Des notes et des maux...
La musique, création de Claude Delrieu est au service du texte, tantôt turbulente et festive, tantôt concrète et pensive. Les notes enveloppent de leur cocon pénétrant Jean-Pierre Beauredon en son habit de Léotard. Les mots sont riches de couleurs, pleins de sueur, d’érotisme et de pessimisme mêlés. La mort, l’amour, l’usure se disent en une verve tendre et impatiente.

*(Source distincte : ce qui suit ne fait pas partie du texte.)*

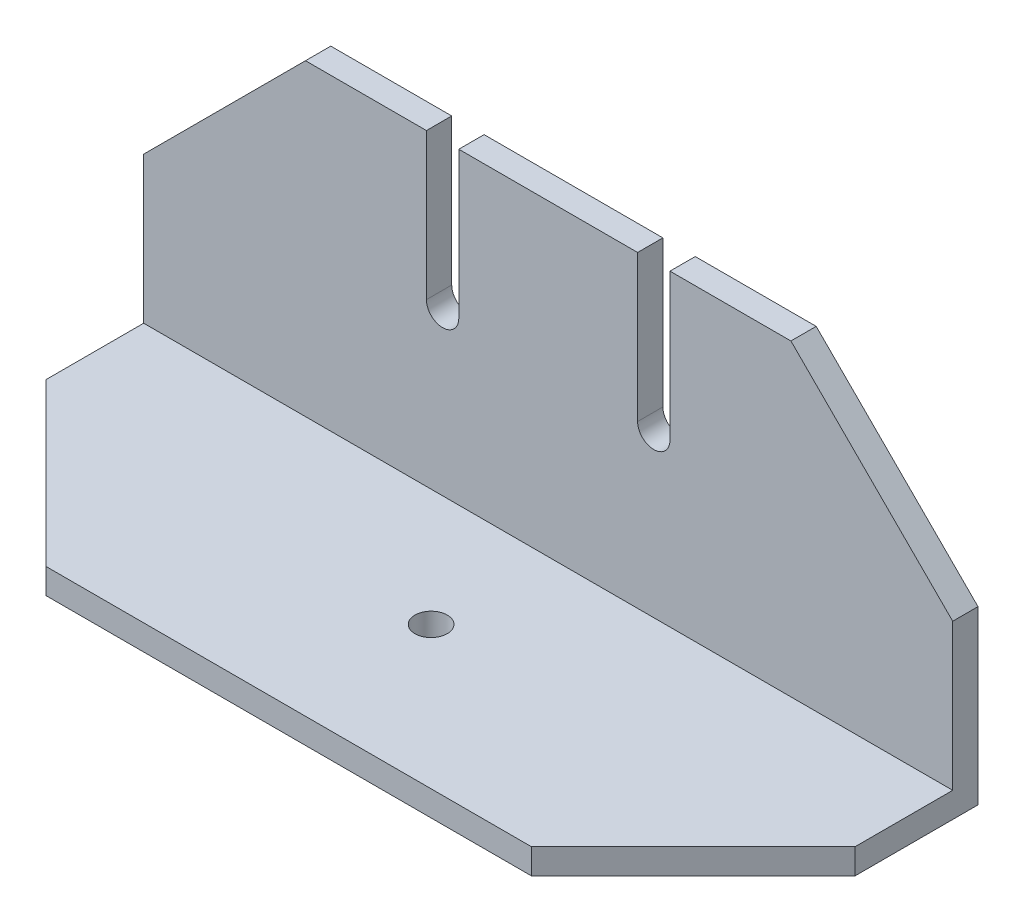
ISO-10303-21;
HEADER;
FILE_DESCRIPTION(('STEP AP214'),'2;1');
FILE_NAME('part.step','',(''),(''),'','','');
FILE_SCHEMA(('AUTOMOTIVE_DESIGN { 1 0 10303 214 1 1 1 1 }'));
ENDSEC;
DATA;
#1=APPLICATION_CONTEXT('core data for automotive mechanical design processes');
#2=APPLICATION_PROTOCOL_DEFINITION('international standard','automotive_design',2000,#1);
#3=PRODUCT_CONTEXT('',#1,'mechanical');
#4=PRODUCT('Part','Part','',(#3));
#5=PRODUCT_RELATED_PRODUCT_CATEGORY('part','',(#4));
#6=PRODUCT_DEFINITION_FORMATION('','',#4);
#7=PRODUCT_DEFINITION_CONTEXT('part definition',#1,'design');
#8=PRODUCT_DEFINITION('design','',#6,#7);
#9=PRODUCT_DEFINITION_SHAPE('','',#8);
#10=(LENGTH_UNIT() NAMED_UNIT(*) SI_UNIT(.MILLI.,.METRE.));
#11=(NAMED_UNIT(*) PLANE_ANGLE_UNIT() SI_UNIT($,.RADIAN.));
#12=(NAMED_UNIT(*) SI_UNIT($,.STERADIAN.) SOLID_ANGLE_UNIT());
#13=UNCERTAINTY_MEASURE_WITH_UNIT(LENGTH_MEASURE(1.E-05),#10,'distance_accuracy_value','');
#14=(GEOMETRIC_REPRESENTATION_CONTEXT(3) GLOBAL_UNCERTAINTY_ASSIGNED_CONTEXT((#13)) GLOBAL_UNIT_ASSIGNED_CONTEXT((#10,
#11,#12)) REPRESENTATION_CONTEXT('',''));
#15=CARTESIAN_POINT('',(0.,0.,0.));
#16=DIRECTION('',(0.,0.,1.));
#17=DIRECTION('',(1.,0.,0.));
#18=AXIS2_PLACEMENT_3D('',#15,#16,#17);
#19=CARTESIAN_POINT('',(100.,38.1,-32.0729965784261));
#20=DIRECTION('',(0.,1.,0.));
#21=DIRECTION('',(0.,0.,1.));
#22=AXIS2_PLACEMENT_3D('',#19,#20,#21);
#23=PLANE('',#22);
#24=DIRECTION('',(-1.,0.,0.));
#25=VECTOR('',#24,1.);
#26=CARTESIAN_POINT('',(100.,38.1,-32.0729965784261));
#27=LINE('',#26,#25);
#28=CARTESIAN_POINT('',(80.,38.1,-32.0729965784261));
#29=VERTEX_POINT('',#28);
#30=CARTESIAN_POINT('',(65.05,38.1,-32.0729965784261));
#31=VERTEX_POINT('',#30);
#32=EDGE_CURVE('E241',#29,#31,#27,.T.);
#33=ORIENTED_EDGE('',*,*,#32,.F.);
#34=DIRECTION('',(0.,0.,-1.));
#35=VECTOR('',#34,1.);
#36=CARTESIAN_POINT('',(80.,38.1,-35.1979965784261));
#37=LINE('',#36,#35);
#38=CARTESIAN_POINT('',(80.,38.1,-35.1979965784261));
#39=VERTEX_POINT('',#38);
#40=EDGE_CURVE('E273',#29,#39,#37,.T.);
#41=ORIENTED_EDGE('',*,*,#40,.T.);
#42=DIRECTION('',(-1.,0.,0.));
#43=VECTOR('',#42,1.);
#44=CARTESIAN_POINT('',(100.,38.1,-35.1979965784261));
#45=LINE('',#44,#43);
#46=CARTESIAN_POINT('',(65.05,38.1,-35.1979965784261));
#47=VERTEX_POINT('',#46);
#48=EDGE_CURVE('E245',#39,#47,#45,.T.);
#49=ORIENTED_EDGE('',*,*,#48,.T.);
#50=DIRECTION('',(0.,0.,-1.));
#51=VECTOR('',#50,1.);
#52=CARTESIAN_POINT('',(65.05,38.1,0.));
#53=LINE('',#52,#51);
#54=EDGE_CURVE('E190',#31,#47,#53,.T.);
#55=ORIENTED_EDGE('',*,*,#54,.F.);
#56=EDGE_LOOP('',(#33,#41,#49,#55));
#57=FACE_BOUND('',#56,.T.);
#58=ADVANCED_FACE('F32',(#57),#23,.T.);
#59=DIRECTION('',(0.,0.,-1.));
#60=VECTOR('',#59,1.);
#61=CARTESIAN_POINT('',(61.05,38.1,0.));
#62=LINE('',#61,#60);
#63=CARTESIAN_POINT('',(61.05,38.1,-32.0729965784261));
#64=VERTEX_POINT('',#63);
#65=CARTESIAN_POINT('',(61.05,38.1,-35.1979965784261));
#66=VERTEX_POINT('',#65);
#67=EDGE_CURVE('E167',#64,#66,#62,.T.);
#68=ORIENTED_EDGE('',*,*,#67,.T.);
#69=CARTESIAN_POINT('',(38.95,38.1,-35.1979965784261));
#70=VERTEX_POINT('',#69);
#71=EDGE_CURVE('E183',#66,#70,#45,.T.);
#72=ORIENTED_EDGE('',*,*,#71,.T.);
#73=DIRECTION('',(0.,0.,-1.));
#74=VECTOR('',#73,1.);
#75=CARTESIAN_POINT('',(38.95,38.1,0.));
#76=LINE('',#75,#74);
#77=CARTESIAN_POINT('',(38.95,38.1,-32.0729965784261));
#78=VERTEX_POINT('',#77);
#79=EDGE_CURVE('E205',#78,#70,#76,.T.);
#80=ORIENTED_EDGE('',*,*,#79,.F.);
#81=EDGE_CURVE('E244',#64,#78,#27,.T.);
#82=ORIENTED_EDGE('',*,*,#81,.F.);
#83=EDGE_LOOP('',(#68,#72,#80,#82));
#84=FACE_BOUND('',#83,.T.);
#85=ADVANCED_FACE('F334',(#84),#23,.T.);
#86=CARTESIAN_POINT('',(100.,0.,-35.1979965784261));
#87=DIRECTION('',(0.,0.,1.));
#88=DIRECTION('',(1.,0.,0.));
#89=AXIS2_PLACEMENT_3D('',#86,#87,#88);
#90=PLANE('',#89);
#91=DIRECTION('',(0.,1.,0.));
#92=VECTOR('',#91,1.);
#93=CARTESIAN_POINT('',(0.,0.,-35.1979965784261));
#94=LINE('',#93,#92);
#95=CARTESIAN_POINT('',(0.,-3.125,-35.1979965784261));
#96=VERTEX_POINT('',#95);
#97=CARTESIAN_POINT('',(0.,18.1,-35.1979965784261));
#98=VERTEX_POINT('',#97);
#99=EDGE_CURVE('E204',#96,#98,#94,.T.);
#100=ORIENTED_EDGE('',*,*,#99,.T.);
#101=DIRECTION('',(-0.707106781186549,-0.707106781186546,0.));
#102=VECTOR('',#101,1.);
#103=CARTESIAN_POINT('',(0.,18.1,-35.1979965784261));
#104=LINE('',#103,#102);
#105=CARTESIAN_POINT('',(20.0000000000001,38.1,-35.1979965784261));
#106=VERTEX_POINT('',#105);
#107=EDGE_CURVE('E265',#98,#106,#104,.F.);
#108=ORIENTED_EDGE('',*,*,#107,.T.);
#109=CARTESIAN_POINT('',(34.95,38.1,-35.1979965784261));
#110=VERTEX_POINT('',#109);
#111=EDGE_CURVE('E243',#110,#106,#45,.T.);
#112=ORIENTED_EDGE('',*,*,#111,.F.);
#113=DIRECTION('',(0.,1.,0.));
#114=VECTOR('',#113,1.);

Les deux acteurs, Jean-Pierre Beauredon et son acolyte Françoise Soucaret, savent amadouer cette ligne fragmentée, pimentant de leur loquacité la truculence des traits. Leur prononciation est sans faille, leur implication déterminée. Ombres et silences, lumières et contrastes servent la poésie du moment en un instantané photographique.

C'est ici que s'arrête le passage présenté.